I would vote against nidzilla, I actually think its not a very good army in 5th edition, and it seems pretty boring to play. I would also vote against eldar, because they do not have any good way to deal with horde orks or IG.

Regular space marines are very good in experienced hands, don't let popular opinion dissuade you if you are otherwise interested. In very rough terms, there are two best space marine armies, those based around Vulkan Hestan with tons of flamers and Multi-meltas, and those based around Pedro and two squads (no more, no less) of sternguard. 

Whichever build you choose, space marine tactics revolve around close ranged firepower and flawless rhino handling. Having a couple drop pods in your force is likely a good idea with IG marching onto the tournament scene.

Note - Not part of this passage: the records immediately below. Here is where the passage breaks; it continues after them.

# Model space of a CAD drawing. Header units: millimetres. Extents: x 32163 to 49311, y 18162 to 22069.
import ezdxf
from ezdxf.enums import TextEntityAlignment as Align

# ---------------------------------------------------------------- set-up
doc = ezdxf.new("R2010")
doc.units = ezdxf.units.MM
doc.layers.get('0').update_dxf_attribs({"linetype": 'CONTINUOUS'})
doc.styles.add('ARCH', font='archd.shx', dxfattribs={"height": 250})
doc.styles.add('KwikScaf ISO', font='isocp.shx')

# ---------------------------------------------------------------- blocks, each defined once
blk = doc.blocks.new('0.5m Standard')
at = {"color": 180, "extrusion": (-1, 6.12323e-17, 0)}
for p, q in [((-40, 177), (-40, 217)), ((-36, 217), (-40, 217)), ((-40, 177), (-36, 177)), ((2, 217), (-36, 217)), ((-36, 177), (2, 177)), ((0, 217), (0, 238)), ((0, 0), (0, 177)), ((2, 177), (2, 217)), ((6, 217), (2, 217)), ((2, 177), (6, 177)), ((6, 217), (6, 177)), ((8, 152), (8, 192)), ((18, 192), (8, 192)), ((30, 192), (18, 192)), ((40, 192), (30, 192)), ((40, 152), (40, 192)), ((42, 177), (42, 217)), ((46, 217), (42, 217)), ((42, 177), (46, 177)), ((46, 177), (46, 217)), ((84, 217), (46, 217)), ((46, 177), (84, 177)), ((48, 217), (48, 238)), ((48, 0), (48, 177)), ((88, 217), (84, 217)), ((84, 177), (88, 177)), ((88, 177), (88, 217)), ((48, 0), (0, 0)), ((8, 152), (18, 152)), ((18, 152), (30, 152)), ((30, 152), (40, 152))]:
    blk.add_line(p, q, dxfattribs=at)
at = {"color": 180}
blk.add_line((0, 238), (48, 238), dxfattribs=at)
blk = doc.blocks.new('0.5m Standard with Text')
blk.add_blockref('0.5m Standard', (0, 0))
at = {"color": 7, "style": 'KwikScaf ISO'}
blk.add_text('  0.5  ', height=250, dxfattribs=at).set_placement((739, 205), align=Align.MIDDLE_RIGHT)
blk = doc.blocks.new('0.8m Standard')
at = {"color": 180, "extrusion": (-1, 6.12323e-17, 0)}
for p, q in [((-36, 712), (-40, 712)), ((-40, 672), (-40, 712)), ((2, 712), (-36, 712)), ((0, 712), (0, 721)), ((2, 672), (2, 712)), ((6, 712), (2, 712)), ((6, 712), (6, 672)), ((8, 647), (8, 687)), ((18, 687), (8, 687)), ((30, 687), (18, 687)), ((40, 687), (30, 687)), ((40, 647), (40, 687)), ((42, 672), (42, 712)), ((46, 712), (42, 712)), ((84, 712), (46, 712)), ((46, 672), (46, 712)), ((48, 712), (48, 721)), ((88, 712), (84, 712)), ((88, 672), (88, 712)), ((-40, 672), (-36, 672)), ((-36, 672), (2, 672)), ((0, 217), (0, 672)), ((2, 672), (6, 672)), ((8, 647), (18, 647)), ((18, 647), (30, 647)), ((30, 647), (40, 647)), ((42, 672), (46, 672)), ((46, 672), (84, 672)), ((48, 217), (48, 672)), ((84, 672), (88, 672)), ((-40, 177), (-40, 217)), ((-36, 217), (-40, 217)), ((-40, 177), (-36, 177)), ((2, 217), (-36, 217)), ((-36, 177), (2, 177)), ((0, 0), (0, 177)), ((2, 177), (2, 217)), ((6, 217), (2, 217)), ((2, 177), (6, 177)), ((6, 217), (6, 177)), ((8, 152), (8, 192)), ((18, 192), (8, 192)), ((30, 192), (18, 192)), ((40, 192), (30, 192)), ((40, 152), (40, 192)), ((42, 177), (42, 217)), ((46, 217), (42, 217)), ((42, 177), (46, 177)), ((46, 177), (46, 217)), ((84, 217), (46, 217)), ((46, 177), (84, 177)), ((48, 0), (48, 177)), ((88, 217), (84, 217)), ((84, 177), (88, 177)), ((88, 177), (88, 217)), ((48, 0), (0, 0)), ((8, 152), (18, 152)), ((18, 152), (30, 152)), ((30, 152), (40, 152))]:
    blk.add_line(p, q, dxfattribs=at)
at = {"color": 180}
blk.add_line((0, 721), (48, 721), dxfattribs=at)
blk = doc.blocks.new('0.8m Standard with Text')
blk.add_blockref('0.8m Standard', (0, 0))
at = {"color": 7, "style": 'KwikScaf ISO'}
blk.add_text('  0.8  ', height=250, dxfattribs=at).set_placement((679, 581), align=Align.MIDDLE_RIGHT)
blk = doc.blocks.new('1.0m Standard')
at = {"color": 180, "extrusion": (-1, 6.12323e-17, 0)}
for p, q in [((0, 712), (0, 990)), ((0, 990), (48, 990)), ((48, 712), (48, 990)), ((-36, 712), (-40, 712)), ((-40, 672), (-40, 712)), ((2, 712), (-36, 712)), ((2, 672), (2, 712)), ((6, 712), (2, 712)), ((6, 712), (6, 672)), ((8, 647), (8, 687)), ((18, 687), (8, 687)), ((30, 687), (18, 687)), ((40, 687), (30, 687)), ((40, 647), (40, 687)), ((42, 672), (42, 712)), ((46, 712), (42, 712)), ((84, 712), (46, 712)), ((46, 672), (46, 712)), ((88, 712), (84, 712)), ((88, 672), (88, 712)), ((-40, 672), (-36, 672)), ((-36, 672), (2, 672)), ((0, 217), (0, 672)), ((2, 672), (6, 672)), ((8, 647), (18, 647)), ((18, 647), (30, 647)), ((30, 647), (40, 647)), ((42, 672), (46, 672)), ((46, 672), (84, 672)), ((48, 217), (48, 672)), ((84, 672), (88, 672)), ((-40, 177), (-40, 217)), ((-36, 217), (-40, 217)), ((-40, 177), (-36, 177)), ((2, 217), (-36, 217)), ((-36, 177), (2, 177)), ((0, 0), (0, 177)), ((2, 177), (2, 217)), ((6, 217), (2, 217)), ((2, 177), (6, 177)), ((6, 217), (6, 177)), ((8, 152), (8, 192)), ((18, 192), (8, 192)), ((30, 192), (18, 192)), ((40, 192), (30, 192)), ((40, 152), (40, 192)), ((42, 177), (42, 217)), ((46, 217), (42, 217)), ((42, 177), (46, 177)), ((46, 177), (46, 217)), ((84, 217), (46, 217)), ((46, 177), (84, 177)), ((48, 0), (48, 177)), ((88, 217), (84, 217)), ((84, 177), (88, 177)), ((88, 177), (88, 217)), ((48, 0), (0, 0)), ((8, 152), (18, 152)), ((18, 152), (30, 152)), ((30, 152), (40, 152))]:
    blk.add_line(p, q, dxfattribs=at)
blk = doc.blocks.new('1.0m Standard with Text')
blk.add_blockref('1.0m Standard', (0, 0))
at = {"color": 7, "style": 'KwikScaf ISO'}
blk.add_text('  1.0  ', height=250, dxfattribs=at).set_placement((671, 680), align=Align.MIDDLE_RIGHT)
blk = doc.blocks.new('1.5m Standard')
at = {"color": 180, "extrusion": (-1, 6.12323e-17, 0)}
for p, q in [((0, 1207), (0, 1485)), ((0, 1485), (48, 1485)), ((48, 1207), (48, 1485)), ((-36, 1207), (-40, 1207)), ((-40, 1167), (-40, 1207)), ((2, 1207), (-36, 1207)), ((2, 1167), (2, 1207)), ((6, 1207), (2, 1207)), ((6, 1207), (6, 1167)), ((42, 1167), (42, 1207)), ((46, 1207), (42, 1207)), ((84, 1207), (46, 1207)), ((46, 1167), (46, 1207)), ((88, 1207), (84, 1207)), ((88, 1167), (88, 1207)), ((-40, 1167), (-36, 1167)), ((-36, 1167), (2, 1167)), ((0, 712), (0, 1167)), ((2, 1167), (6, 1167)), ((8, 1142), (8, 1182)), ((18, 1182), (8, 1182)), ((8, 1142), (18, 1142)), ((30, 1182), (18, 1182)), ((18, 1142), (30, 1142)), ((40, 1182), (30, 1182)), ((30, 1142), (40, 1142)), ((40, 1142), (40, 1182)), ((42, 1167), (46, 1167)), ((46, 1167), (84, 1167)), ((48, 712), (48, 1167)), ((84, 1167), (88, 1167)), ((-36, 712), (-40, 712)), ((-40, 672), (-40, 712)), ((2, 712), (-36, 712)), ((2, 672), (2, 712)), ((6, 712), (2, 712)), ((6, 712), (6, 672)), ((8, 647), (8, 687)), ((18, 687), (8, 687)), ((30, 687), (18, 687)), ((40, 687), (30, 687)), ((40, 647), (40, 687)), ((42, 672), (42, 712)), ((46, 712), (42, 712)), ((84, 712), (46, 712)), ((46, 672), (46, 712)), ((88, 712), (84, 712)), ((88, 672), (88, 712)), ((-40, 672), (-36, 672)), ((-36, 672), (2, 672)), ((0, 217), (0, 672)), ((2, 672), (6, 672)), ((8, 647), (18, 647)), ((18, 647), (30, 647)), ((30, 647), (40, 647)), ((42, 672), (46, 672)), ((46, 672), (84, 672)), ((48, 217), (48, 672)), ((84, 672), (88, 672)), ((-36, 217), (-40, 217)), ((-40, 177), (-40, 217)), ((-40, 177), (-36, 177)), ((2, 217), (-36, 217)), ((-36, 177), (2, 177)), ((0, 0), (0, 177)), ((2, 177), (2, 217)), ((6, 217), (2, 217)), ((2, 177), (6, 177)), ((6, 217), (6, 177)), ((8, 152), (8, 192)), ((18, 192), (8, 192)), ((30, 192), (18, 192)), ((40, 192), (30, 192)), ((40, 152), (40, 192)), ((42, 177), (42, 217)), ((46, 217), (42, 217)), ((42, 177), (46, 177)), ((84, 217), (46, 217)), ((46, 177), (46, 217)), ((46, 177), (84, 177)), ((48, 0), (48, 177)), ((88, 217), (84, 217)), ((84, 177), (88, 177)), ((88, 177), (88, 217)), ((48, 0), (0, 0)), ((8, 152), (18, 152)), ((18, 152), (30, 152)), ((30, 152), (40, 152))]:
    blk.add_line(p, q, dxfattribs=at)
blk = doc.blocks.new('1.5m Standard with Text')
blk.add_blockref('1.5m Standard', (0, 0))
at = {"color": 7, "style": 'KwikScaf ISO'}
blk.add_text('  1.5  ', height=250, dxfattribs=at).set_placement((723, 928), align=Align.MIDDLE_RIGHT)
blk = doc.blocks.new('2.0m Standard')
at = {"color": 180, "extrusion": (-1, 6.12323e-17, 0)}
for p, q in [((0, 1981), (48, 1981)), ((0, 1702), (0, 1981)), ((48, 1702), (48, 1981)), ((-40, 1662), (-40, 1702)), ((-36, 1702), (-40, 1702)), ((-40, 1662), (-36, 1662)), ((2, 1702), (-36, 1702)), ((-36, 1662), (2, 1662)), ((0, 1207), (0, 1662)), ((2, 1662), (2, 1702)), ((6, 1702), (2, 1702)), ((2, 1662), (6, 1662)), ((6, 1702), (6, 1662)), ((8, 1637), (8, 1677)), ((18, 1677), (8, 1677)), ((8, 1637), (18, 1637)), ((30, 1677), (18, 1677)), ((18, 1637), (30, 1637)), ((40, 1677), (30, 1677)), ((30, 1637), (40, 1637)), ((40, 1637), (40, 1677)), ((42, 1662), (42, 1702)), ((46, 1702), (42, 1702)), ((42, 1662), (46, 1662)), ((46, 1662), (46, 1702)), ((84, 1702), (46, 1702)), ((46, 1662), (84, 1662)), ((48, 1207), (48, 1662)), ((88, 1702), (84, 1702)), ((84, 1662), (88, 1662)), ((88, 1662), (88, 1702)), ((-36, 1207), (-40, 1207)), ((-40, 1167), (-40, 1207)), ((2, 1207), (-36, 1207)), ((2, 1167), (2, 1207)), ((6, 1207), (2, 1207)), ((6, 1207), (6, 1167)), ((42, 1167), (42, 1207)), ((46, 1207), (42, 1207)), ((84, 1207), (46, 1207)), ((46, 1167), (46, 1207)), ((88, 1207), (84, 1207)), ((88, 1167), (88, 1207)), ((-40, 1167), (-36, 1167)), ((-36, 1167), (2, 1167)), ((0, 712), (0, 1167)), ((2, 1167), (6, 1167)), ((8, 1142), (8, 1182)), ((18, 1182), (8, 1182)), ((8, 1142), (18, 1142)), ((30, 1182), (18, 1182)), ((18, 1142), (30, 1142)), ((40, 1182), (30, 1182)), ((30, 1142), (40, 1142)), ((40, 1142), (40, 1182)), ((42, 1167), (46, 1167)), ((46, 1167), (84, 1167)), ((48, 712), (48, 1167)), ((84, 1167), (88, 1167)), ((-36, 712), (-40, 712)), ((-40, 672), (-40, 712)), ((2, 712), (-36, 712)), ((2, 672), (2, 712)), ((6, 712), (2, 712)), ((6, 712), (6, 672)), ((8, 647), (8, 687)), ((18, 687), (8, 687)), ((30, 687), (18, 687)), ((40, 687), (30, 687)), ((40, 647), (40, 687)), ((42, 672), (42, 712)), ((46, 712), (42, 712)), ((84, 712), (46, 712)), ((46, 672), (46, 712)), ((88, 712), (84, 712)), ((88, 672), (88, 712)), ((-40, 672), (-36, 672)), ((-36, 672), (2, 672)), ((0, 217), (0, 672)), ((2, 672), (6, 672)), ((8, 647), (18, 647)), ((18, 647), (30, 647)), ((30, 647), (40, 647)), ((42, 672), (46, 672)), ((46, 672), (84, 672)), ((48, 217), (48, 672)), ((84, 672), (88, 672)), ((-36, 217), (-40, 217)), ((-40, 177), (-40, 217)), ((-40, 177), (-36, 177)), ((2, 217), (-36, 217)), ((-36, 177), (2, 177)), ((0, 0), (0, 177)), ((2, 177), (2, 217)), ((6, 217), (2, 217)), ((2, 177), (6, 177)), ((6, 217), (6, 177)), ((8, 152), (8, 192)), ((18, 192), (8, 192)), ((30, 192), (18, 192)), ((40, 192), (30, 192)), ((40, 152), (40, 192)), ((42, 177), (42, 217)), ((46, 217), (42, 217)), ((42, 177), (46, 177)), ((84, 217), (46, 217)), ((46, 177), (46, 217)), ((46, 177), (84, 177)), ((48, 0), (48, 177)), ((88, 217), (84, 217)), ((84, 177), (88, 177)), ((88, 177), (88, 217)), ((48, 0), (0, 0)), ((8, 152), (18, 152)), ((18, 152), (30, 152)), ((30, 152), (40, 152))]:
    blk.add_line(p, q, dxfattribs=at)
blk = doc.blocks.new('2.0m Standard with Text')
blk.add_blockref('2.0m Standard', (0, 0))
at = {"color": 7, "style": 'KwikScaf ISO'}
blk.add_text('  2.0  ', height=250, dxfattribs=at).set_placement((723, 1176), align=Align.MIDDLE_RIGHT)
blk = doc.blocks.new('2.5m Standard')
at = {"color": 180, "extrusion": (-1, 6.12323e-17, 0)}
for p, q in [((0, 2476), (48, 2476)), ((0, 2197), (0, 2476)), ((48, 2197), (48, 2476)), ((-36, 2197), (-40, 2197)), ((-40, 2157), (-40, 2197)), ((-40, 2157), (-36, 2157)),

Lastly, don't believe everything you read on BoLS.


----------



## Culler (Dec 27, 2007)

Go with the army you think would be fun to play, or whose models you like. Don't go with what you think will win the most because eventually the rules change and what's on top now may not be later, but the models and basic play style remain.


----------



## Haekmo (Mar 1, 2009)

all pends on your build, you can ask a hundred different people, everyone has a different perception and different tactics.. id say ive seen nidzilla army's go further in tournies, fallowed by elder jet bikelists... but templers are a strong list... its wot you can make of a army, your thinking on your feet, your idea's and knowledge of the rules that will make you a strong oponent. 
Pick a army that you will enjoy to play and paint, even if there was a best army/list, would it really be fun doing the same thing every tournie/ game??

What ever you pick, best of luck

haek


----------



## Lash Machine (Nov 28, 2008)

Pick something you want to play and paint and convert. I have been playing the hobby for a long time and although Chaos is my first love, (and Orks), I like to play different armies and paint and collect different things. Keeps Gamesworkshop happy and my wife angry.

Well, to be fair, she likes it that I have something to keep me quiet and busy. She just does'nt like the expenditure.

I built an Eldar army a couple of years ago as I fancied a change in playing style and I have always loved the models and the fact each unit can be different colours. I am currently working on marines at the moment after which I may dust off my Imperial guard to paint up or even my 2nd edition space wolves if the codex is out soon.

Choose something that you want to do as opposed to someones opinion on what may or may not make a great tournament army.


----------



## BloodAngelsfan (Jan 22, 2009)

From my limited experience, the Nids can be quite effective at both melee and range, so are a good choice (Carnifex with two sets of Scything Talons plus Gaunts with devourers = pwnage =D) but it inevitably comes down to how you want your army to fight. Be it rapid strikes, versatility, ranged the choice is yours. I have not painted Eldar but I do field an SM army and a Nid army and i can tell you, they are both fun to paint.


----------



## TheKingElessar (Mar 31, 2009)

Nidzilla is, IMO, a lot weaker than most people think...a 4th Ed hangover more than likely.
Chaos or Orks are the most forgiving competitive lists. SM are good, if handled properly. Eldar aren't a good army for a beginner to attempt, IMO. BTs are therefore your best bet.


----------



## Crimson_Chin (Feb 20, 2009)

Hah. Eldar was and still is my main army, and I lost quite a number of battles when I started ... but ultimately it all comes down to how you feel comfortable playing. I like dancing around my opponents and pummeling them with shootyness. You might not.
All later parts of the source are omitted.